**What is being asked:**
Set down the lines of the data exactly, starting at the first and stopping after the line containing "(0, 0, 0) normal (1, 0, 0)".

**Provided data:**
Segment Open

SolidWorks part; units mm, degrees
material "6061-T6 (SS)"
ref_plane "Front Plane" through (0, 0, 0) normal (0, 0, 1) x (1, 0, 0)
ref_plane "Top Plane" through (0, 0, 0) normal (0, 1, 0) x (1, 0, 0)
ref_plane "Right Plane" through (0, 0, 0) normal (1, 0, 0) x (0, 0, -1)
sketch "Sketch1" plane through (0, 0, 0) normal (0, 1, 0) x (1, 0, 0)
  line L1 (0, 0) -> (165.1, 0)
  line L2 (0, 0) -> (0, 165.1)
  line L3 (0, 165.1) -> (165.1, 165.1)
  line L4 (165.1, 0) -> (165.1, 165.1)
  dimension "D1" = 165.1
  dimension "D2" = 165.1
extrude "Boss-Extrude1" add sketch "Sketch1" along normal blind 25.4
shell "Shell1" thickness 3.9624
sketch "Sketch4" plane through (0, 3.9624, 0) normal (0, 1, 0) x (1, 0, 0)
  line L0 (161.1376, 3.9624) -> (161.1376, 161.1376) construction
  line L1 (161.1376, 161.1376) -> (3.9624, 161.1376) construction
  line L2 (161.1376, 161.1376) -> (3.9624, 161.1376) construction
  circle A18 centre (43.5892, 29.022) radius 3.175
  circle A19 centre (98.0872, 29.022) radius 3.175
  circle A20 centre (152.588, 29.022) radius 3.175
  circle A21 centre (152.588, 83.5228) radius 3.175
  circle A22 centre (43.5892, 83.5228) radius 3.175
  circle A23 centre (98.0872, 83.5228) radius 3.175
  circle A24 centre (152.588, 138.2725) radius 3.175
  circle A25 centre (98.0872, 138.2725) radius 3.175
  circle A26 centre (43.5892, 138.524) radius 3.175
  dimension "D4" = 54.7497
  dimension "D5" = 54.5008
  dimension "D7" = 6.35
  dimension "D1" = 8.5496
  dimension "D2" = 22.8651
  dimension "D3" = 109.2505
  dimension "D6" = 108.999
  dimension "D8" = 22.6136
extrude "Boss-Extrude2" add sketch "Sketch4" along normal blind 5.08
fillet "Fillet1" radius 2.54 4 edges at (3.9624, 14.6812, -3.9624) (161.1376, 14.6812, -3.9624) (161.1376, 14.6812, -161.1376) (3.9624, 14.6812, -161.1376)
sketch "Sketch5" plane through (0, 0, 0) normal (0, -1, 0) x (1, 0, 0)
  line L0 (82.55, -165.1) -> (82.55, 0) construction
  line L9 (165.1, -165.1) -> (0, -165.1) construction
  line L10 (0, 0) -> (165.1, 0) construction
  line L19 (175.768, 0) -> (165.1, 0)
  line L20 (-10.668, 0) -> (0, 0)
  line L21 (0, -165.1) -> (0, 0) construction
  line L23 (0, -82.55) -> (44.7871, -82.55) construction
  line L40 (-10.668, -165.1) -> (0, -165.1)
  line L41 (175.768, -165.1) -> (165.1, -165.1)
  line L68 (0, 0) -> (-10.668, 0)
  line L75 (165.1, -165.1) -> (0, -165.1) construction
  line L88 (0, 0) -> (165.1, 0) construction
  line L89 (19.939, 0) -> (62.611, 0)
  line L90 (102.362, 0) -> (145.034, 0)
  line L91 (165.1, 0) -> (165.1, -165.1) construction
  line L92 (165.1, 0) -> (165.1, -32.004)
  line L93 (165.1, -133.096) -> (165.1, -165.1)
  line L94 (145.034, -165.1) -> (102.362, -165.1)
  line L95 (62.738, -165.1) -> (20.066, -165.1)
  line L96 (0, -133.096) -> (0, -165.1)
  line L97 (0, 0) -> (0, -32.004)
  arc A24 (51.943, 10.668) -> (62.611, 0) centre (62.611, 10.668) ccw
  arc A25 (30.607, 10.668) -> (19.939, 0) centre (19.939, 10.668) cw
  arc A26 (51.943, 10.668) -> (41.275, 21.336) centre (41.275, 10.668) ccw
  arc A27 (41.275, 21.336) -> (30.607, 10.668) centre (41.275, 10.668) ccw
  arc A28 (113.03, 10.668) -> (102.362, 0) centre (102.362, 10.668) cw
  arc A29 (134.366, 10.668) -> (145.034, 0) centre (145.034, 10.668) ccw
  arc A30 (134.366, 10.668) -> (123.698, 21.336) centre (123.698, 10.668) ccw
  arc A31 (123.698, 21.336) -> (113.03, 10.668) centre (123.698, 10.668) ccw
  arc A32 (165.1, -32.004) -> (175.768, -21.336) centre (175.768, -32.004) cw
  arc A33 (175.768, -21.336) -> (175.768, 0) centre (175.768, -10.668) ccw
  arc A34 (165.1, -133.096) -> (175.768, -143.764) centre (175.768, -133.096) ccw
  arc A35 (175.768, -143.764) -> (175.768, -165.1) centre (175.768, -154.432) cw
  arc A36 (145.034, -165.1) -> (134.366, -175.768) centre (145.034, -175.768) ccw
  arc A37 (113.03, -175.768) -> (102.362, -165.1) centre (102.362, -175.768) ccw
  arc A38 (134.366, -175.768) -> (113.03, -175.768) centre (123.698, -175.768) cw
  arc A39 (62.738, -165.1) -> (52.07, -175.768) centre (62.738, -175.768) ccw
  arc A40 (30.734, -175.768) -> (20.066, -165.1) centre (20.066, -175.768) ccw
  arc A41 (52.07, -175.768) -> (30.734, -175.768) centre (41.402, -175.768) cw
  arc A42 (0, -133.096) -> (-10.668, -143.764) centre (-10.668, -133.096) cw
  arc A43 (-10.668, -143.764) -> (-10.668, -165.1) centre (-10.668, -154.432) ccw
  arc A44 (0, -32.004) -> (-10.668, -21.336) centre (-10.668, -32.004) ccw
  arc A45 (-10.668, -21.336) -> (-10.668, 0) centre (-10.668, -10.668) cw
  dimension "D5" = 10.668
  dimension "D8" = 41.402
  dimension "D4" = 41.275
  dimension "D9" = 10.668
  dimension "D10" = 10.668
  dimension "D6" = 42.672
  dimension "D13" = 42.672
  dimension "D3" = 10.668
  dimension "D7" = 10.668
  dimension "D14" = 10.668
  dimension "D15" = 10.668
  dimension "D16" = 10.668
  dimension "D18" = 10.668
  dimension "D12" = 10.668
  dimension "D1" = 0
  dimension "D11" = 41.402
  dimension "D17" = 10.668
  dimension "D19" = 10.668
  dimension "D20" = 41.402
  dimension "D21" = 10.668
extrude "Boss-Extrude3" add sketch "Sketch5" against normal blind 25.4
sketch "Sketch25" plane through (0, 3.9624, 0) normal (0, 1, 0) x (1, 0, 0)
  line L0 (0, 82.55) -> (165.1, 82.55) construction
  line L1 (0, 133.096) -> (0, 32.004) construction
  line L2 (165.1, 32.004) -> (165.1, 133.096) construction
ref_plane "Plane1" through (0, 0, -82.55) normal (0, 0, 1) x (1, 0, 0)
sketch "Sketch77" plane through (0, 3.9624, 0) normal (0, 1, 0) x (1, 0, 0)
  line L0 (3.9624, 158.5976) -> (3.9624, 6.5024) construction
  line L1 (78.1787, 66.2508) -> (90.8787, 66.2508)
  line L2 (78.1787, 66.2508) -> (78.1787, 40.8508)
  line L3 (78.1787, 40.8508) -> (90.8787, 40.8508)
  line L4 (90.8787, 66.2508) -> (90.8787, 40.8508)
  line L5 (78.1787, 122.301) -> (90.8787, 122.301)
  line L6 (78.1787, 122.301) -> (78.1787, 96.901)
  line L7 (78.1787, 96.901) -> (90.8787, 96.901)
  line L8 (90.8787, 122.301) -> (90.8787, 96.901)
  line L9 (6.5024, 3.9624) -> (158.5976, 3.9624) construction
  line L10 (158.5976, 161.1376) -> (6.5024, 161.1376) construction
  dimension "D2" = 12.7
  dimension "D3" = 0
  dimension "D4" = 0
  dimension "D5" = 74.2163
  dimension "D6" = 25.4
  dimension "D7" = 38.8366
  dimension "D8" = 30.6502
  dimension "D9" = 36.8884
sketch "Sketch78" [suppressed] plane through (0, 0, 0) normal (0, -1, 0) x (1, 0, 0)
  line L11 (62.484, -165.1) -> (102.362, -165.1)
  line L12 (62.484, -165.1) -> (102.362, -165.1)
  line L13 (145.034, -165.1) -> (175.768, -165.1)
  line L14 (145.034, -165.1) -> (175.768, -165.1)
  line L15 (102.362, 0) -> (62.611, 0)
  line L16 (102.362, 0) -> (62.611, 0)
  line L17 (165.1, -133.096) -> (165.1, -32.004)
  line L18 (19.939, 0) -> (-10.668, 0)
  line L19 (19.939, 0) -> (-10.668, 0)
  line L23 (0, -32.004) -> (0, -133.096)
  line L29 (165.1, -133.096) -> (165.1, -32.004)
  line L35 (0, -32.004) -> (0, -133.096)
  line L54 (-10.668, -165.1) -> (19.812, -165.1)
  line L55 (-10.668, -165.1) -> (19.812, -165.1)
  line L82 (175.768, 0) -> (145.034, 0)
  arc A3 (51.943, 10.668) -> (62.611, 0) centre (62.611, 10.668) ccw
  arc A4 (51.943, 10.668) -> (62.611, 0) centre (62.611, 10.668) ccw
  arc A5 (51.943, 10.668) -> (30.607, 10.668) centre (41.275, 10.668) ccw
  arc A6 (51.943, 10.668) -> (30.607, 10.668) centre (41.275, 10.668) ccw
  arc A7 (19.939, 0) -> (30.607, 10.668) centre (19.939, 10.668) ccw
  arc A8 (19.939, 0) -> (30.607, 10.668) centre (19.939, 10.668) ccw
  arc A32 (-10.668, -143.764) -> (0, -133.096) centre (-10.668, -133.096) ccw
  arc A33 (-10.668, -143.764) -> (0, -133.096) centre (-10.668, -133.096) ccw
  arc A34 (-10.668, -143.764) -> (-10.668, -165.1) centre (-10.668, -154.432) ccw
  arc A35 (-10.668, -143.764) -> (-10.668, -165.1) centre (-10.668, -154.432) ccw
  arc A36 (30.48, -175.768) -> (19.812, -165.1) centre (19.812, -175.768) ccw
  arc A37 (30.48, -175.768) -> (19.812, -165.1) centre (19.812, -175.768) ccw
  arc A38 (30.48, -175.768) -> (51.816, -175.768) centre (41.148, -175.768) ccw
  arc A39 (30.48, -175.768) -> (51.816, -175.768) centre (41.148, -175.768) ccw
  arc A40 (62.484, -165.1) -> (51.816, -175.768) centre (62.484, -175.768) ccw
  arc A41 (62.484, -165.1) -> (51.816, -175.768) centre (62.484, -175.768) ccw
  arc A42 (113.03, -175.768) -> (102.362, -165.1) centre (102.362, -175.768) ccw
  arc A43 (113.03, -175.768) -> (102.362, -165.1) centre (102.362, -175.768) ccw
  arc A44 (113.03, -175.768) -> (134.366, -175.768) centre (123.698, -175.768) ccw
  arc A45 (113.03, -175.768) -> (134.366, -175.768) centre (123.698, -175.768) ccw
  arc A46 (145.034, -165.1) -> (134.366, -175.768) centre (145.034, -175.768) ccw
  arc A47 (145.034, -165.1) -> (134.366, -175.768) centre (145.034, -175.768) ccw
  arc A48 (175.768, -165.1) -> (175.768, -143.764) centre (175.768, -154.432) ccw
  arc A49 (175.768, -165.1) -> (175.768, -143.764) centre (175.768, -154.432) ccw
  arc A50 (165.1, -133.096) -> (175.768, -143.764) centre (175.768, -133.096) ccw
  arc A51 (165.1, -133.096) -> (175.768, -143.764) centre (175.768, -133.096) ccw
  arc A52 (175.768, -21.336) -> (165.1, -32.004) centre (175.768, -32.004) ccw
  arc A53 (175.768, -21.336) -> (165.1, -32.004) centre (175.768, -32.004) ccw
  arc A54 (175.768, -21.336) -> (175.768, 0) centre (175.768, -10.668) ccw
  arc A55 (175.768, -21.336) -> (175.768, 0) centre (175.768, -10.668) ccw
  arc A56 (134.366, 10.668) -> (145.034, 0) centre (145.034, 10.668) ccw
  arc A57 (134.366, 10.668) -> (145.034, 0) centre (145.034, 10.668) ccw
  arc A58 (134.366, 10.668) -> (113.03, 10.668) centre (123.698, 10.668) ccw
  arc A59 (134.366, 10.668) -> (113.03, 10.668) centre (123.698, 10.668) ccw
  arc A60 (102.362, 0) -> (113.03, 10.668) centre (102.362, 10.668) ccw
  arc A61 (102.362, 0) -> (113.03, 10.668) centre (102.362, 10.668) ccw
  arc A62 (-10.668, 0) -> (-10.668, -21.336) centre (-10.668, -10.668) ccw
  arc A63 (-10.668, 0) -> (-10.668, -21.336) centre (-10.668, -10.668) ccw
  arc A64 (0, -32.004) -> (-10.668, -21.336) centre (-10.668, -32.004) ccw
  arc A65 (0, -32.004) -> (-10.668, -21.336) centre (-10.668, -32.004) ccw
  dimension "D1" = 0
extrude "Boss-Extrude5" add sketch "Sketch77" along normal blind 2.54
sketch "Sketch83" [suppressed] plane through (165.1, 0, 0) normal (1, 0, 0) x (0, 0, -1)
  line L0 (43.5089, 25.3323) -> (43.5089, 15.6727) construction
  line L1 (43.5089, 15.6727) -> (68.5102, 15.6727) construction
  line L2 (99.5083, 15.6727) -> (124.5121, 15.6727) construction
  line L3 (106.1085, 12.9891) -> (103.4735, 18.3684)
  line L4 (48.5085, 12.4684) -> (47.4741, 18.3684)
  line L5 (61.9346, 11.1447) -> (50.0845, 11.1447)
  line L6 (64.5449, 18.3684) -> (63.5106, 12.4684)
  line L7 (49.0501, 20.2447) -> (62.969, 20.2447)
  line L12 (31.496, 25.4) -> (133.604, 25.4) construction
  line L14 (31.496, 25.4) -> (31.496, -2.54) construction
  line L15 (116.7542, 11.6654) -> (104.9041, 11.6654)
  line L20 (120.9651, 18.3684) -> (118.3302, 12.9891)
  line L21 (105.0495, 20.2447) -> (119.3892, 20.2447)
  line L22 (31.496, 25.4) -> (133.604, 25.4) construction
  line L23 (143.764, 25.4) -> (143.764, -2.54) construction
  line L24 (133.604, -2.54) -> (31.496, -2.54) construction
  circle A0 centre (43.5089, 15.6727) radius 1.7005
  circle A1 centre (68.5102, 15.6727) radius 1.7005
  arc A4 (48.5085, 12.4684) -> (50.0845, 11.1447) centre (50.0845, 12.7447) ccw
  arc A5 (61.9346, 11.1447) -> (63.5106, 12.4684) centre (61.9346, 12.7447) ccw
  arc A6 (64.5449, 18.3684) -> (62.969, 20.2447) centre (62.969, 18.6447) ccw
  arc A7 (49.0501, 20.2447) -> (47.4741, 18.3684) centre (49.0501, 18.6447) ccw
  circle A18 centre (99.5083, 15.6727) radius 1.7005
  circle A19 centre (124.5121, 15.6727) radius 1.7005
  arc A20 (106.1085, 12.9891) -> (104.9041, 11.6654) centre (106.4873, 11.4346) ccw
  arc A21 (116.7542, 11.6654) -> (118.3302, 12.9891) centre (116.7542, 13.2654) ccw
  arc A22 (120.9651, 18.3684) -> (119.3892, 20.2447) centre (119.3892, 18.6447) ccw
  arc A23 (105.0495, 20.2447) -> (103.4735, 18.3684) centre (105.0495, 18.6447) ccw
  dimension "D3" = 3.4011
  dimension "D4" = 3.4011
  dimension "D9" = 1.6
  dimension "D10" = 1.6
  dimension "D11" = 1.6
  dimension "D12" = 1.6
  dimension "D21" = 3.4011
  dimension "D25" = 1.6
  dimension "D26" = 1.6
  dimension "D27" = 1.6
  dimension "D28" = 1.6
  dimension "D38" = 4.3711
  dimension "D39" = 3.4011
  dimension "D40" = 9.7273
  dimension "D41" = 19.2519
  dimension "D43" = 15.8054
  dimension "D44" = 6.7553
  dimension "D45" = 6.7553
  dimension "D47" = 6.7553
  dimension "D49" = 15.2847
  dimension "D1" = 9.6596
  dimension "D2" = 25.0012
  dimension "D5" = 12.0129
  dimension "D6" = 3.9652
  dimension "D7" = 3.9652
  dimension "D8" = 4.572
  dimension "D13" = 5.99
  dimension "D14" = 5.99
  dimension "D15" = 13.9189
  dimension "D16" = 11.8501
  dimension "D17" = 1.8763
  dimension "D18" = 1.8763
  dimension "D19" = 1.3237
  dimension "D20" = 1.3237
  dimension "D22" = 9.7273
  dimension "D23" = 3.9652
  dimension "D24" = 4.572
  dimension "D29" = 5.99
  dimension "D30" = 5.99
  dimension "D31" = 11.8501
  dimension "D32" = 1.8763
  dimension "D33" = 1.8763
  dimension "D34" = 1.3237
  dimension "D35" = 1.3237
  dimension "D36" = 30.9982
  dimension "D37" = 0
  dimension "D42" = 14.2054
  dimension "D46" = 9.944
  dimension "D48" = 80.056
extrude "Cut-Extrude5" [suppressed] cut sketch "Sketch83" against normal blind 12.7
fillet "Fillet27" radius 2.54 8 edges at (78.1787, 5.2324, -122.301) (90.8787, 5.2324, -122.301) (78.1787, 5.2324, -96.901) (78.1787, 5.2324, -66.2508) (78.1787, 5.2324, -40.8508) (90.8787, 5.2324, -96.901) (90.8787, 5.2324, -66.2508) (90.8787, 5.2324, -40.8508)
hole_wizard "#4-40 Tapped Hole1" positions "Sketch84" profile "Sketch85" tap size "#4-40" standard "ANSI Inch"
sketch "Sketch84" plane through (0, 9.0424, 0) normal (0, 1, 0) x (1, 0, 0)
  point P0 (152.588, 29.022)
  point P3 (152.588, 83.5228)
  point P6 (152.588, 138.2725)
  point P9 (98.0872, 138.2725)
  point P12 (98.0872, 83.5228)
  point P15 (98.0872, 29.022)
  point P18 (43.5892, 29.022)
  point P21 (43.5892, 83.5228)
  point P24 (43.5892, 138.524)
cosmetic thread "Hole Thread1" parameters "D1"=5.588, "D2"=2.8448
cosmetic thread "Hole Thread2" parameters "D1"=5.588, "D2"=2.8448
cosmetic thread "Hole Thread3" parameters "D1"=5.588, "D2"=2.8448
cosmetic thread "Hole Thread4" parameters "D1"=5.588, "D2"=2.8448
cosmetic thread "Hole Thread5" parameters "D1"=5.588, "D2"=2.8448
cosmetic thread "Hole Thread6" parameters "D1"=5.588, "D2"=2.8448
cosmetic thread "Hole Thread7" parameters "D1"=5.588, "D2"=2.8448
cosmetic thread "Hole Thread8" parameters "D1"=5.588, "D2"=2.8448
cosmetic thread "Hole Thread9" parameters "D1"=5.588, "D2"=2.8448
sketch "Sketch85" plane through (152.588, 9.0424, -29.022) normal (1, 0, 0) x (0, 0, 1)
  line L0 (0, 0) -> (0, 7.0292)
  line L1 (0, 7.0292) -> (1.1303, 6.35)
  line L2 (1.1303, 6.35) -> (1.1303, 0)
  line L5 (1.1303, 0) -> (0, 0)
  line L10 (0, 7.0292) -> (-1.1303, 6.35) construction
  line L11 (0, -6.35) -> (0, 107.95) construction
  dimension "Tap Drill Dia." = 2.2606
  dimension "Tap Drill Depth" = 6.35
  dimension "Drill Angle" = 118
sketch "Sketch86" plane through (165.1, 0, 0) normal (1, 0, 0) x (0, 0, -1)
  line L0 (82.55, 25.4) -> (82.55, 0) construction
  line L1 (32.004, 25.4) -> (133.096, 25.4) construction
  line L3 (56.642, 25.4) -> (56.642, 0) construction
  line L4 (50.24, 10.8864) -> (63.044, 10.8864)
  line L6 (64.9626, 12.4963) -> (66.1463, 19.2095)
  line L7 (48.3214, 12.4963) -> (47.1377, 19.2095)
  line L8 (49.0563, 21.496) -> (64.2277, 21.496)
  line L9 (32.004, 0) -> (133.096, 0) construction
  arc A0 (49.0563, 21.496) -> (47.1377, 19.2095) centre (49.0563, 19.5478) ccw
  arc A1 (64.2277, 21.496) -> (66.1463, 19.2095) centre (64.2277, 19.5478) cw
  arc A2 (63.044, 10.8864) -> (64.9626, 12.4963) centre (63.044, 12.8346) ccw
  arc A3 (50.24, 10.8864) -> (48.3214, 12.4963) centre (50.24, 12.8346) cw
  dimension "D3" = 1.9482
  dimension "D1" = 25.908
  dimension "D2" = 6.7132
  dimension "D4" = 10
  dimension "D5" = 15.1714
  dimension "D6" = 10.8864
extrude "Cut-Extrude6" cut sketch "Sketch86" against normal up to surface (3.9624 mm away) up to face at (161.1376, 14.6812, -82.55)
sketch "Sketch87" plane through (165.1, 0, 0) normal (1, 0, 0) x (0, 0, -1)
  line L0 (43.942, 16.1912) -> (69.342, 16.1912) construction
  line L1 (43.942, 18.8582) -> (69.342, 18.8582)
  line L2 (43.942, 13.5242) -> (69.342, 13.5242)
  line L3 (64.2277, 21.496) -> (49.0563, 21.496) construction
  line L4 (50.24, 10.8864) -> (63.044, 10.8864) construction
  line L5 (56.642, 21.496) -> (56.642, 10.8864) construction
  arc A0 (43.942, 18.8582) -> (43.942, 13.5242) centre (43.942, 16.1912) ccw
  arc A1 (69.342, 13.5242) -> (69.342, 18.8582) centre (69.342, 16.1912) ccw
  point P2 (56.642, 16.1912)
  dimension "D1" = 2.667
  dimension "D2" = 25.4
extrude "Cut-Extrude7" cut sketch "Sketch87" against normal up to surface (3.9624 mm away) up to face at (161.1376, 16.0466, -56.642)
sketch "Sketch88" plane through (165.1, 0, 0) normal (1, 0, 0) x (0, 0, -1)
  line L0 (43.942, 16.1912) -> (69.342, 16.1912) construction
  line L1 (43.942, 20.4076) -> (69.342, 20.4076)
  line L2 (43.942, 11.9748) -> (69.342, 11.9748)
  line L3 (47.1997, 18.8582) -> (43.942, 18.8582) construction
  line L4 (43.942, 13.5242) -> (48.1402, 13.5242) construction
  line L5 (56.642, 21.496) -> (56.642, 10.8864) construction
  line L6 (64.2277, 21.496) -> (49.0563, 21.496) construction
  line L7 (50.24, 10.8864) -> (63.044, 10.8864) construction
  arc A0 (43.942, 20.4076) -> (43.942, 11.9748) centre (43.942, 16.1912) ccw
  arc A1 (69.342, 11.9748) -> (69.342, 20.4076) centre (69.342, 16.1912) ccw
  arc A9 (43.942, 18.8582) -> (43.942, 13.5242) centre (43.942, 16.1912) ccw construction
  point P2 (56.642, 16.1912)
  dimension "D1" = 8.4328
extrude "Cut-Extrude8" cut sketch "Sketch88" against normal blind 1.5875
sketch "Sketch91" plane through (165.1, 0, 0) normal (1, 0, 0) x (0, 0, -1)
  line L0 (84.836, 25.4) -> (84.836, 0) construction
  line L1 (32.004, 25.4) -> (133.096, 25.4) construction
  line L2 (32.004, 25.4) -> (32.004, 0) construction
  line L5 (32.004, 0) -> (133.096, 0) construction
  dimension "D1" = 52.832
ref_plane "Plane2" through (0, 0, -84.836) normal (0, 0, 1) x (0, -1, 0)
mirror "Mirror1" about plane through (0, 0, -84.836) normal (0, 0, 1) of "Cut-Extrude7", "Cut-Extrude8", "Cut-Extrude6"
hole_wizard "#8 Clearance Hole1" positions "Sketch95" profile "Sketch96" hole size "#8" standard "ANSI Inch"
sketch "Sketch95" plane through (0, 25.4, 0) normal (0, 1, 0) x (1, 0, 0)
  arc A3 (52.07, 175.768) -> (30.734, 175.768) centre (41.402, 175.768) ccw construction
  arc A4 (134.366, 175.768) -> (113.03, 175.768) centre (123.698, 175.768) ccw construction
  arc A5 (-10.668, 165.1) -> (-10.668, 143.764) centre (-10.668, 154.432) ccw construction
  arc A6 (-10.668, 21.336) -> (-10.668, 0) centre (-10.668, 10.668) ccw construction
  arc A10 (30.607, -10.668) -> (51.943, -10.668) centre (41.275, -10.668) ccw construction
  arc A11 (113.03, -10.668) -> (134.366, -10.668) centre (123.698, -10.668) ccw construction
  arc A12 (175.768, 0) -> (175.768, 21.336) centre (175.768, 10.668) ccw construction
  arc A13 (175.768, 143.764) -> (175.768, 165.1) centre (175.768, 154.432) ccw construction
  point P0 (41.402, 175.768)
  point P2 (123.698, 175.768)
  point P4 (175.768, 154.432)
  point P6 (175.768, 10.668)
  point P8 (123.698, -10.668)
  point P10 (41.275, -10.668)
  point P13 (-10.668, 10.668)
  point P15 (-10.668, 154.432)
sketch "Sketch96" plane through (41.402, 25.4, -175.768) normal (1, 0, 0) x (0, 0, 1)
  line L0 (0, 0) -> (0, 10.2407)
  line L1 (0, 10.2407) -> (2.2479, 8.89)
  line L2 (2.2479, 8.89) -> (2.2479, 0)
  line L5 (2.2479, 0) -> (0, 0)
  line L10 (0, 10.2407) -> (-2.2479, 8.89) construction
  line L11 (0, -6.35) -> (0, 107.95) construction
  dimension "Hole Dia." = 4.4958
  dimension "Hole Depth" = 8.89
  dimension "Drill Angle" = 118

Segment Closed

**Solution for this task:**
SolidWorks part; units mm, degrees
material "6061-T6 (SS)"
ref_plane "Front Plane" through (0, 0, 0) normal (0, 0, 1) x (1, 0, 0)
ref_plane "Top Plane" through (0, 0, 0) normal (0, 1, 0) x (1, 0, 0)
ref_plane "Right Plane" through (0, 0, 0) normal (1, 0, 0) x (0, 0, -1)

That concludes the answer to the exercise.